Quantum Phase Properties in Collective Three-Level V-Type System with Diamagnetic Term

In this paper, we present a rigorous investigation of the quantum phase transitions (QPTs) for a model which describes the degenerate collective regime of a three-level V-configuration atoms Bose-Einstein condensate (BEC). We consider that the three-level atoms of a BEC coupled to an optical resonator (cavity) with high finesse in the presence of a diamagnetic term, i. e., a system of N-identical three-level atoms interacting with a one-mode quantized electromagnetic cavity field. Also, the different components of this system are labeled by the different phase factors.
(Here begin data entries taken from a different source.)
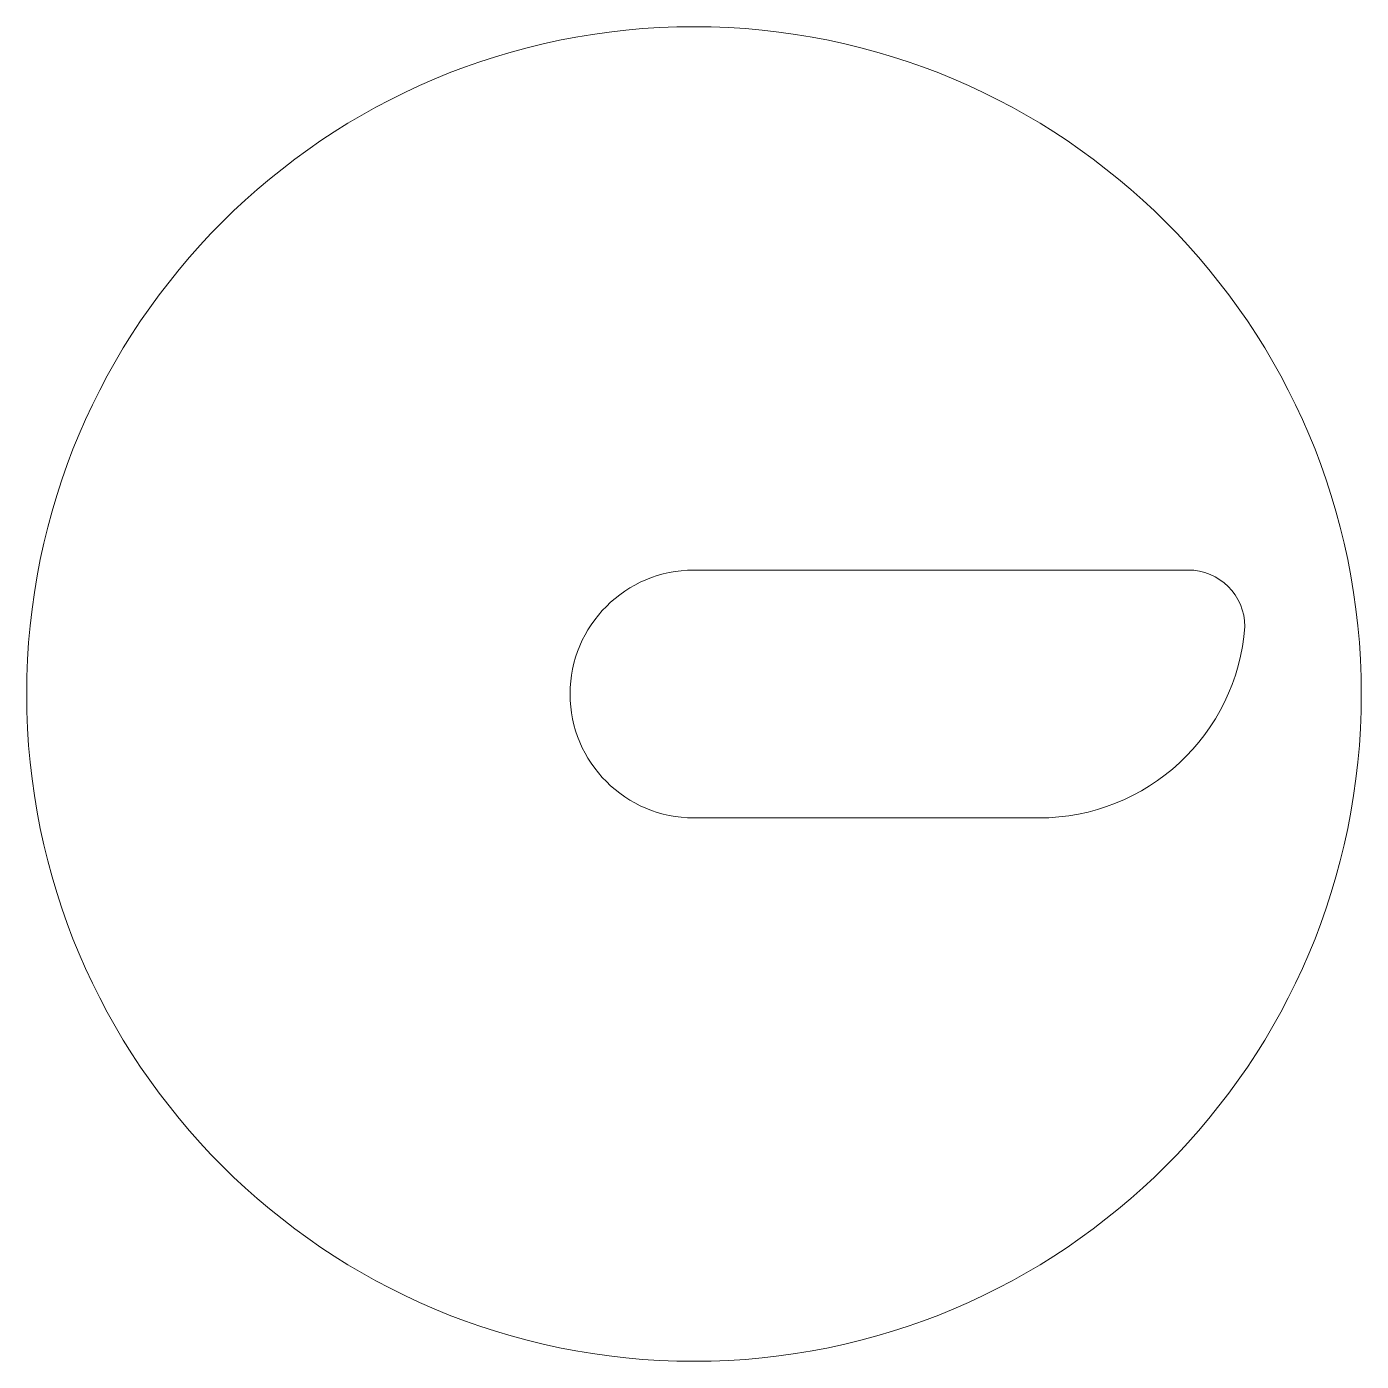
# Model space of a CAD drawing. Header units: millimetres. Extents: x -48.4 to 48.4, y -48.4 to 48.4.
import ezdxf

# ---------------------------------------------------------------- set-up
doc = ezdxf.new("R2010")
doc.units = ezdxf.units.MM

msp = doc.modelspace()

# ---------------------------------------------------------------- linework, layer by layer
at = {"color": 7, "linetype": 'Continuous', "lineweight": 15}
for p, q in [((35.865, 9), (0, 9)), ((0, -9), (25.041, -9))]:
    msp.add_line(p, q, dxfattribs=at)
msp.add_circle((0, 0), 48.45, dxfattribs=at)
for centre, radius, start, end in [((0, 0), 9, 90, 270), ((35.865, 4.865), 4.135, 0.35802, 90), ((25.041, 6), 15, 270, 355.75892)]:
    msp.add_arc(centre, radius, start, end, dxfattribs=at)

doc.saveas('drawing.dxf')

By using the Glauber’s coherent states for the field, we calculate the free energy and study the finite-temperature phase transition for this model in the thermodynamic limit (N → ∞). Also, the potential energy surfaces constructed by taking the expectation value with respect to the direct product for a test state a direct product of coherent Heisenberg-Weyl HW(1)-states (for the electromagnetic field ), and U(3) (for the atomic field, i. e., matter contribution) coherent states. Moreover, the scaled ground-state energy is obtained by taking the expectation value of an effective Hamiltonian in the framework of the mean-field approach. In the thermodynamic limit, the energy surface takes a simple form for a direct description of the phase transitions. The relation between the QPTs and the symmetry physics are established and the QPTs for this model are investigated numerically. The properties of both stability and the equilibrium are calculated using the catastrophe theory. We notice that the second-order phase transitions (superradiant (SR)) with multi-level systems might be achievable in a wide range of physical systems, especially those where it is possible to engineer the spec-tra and oscillator strengths.